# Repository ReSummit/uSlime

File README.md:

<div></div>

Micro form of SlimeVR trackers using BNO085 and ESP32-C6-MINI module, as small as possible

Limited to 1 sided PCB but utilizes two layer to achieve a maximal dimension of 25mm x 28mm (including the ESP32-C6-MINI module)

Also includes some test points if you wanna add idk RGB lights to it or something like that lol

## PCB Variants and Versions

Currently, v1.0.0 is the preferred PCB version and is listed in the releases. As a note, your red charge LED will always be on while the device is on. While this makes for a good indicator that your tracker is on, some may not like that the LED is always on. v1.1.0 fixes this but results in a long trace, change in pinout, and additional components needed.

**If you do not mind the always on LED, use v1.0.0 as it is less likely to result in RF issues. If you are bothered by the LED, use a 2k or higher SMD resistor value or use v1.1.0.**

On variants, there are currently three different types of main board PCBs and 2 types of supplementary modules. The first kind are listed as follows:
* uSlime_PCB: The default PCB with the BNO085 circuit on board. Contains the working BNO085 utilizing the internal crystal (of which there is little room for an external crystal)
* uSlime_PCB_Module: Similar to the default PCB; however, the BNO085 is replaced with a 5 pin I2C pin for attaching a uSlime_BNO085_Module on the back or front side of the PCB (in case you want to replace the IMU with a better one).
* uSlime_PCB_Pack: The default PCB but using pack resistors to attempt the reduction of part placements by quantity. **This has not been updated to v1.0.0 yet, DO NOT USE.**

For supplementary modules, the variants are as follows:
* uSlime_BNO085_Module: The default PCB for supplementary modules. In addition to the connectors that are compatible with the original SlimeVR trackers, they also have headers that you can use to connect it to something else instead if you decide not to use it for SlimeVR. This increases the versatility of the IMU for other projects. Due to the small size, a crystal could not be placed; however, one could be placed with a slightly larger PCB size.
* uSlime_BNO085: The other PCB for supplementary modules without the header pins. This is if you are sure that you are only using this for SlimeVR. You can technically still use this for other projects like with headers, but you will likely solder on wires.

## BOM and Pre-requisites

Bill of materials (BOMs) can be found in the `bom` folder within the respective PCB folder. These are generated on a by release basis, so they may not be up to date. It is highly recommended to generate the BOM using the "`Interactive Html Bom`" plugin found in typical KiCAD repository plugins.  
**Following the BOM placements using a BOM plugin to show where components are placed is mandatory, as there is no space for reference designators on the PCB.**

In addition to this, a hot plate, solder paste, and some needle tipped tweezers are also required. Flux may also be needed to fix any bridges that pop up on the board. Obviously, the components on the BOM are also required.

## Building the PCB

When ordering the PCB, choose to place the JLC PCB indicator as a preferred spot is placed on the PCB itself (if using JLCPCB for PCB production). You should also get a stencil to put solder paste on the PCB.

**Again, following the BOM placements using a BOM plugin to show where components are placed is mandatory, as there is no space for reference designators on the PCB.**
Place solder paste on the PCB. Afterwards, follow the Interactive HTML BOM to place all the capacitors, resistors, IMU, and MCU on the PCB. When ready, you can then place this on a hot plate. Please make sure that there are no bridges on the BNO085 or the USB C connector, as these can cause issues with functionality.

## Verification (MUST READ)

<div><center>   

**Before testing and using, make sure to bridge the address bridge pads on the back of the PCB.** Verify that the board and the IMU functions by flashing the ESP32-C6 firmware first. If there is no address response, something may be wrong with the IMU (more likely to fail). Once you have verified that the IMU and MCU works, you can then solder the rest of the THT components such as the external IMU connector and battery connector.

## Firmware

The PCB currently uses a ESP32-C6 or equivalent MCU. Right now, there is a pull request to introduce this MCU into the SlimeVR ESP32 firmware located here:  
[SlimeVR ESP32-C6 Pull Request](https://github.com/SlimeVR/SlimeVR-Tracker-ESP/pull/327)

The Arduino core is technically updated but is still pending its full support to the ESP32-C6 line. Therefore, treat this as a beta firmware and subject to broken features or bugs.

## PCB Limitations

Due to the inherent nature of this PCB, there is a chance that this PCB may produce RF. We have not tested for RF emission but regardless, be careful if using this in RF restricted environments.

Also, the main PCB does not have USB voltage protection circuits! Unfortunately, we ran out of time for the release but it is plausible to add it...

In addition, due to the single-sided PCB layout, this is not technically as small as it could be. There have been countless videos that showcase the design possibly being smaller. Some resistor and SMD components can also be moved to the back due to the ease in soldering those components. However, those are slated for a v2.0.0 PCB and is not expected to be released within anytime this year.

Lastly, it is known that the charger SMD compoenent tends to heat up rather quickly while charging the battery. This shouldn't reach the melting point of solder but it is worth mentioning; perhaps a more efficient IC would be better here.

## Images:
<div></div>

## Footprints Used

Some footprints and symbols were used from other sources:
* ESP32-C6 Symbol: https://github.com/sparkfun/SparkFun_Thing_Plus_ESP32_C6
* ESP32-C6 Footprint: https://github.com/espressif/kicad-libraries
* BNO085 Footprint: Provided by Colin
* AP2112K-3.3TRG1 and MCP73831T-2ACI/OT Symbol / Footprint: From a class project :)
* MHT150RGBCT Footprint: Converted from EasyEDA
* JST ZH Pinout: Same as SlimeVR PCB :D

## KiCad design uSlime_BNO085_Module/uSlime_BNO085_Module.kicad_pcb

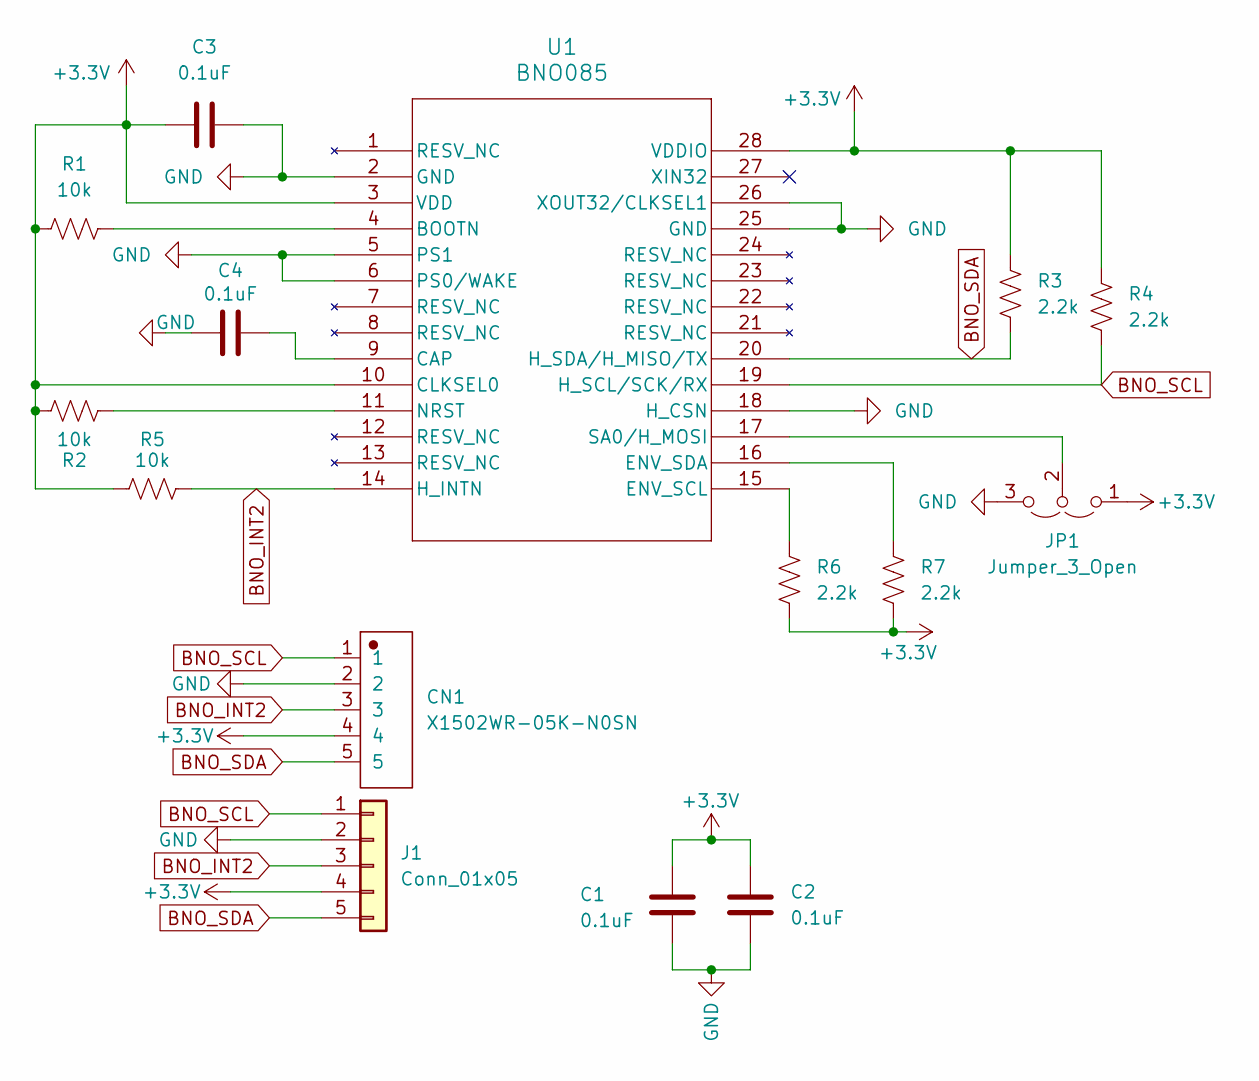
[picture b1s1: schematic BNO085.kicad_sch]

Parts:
C1, C2, C3, C4: 0.1uF; C_0402_1005Metric
CN1: X1502WR-05K-N0SN; CONN-TH_5P-P1.50_X1502WR-05K-N0SN
J1: Conn_01x05; PinHeader_1x05_P2.54mm_Vertical
JP1: Jumper_3_Open; SolderJumper-3_P1.3mm_Open_RoundedPad1.0x1.5mm
R1, R2, R5: 10k; R_0402_1005Metric
R3, R4, R6, R7: 2.2k; R_0402_1005Metric
U1: BNO085; BNO080

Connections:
+3.3V: C1.2, C2.2, C3.1, CN1.4, J1.4, JP1.1 (A), R1.1, R2.2, R3.1, R4.1, R5.1, R6.2, R7.2, U1.3 (VDD), U1.10 (CLKSEL0), U1.28 (VDDIO)
BNO_INT2: CN1.3, J1.3, R5.2, U1.14 (H_INTN)
BNO_SCL: CN1.1, J1.1, R4.2, U1.19 (H_SCL/SCK/RX)
BNO_SDA: CN1.5, J1.5, R3.2, U1.20 (H_SDA/H_MISO/TX)
GND: C1.1, C2.1, C3.2, C4.1, CN1.2, J1.2, JP1.3 (B), U1.2 (GND), U1.5 (PS1), U1.6 (PS0/WAKE), U1.18 (H_CSN), U1.25 (GND), U1.26 (XOUT32/CLKSEL1)
unnamed: JP1.2 (C), U1.17 (SA0/H_MOSI)
unnamed: R1.2, U1.4 (BOOTN)
unnamed: C4.2, U1.9 (CAP)
unnamed: R6.1, U1.15 (ENV_SCL)
unnamed: R7.1, U1.16 (ENV_SDA)
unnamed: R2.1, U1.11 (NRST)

#### Exercise requirements:
Every line above that includes the word "space" should be listed.

#### Final answer:
**Following the BOM placements using a BOM plugin to show where components are placed is mandatory, as there is no space for reference designators on the PCB.**
**Again, following the BOM placements using a BOM plugin to show where components are placed is mandatory, as there is no space for reference designators on the PCB.**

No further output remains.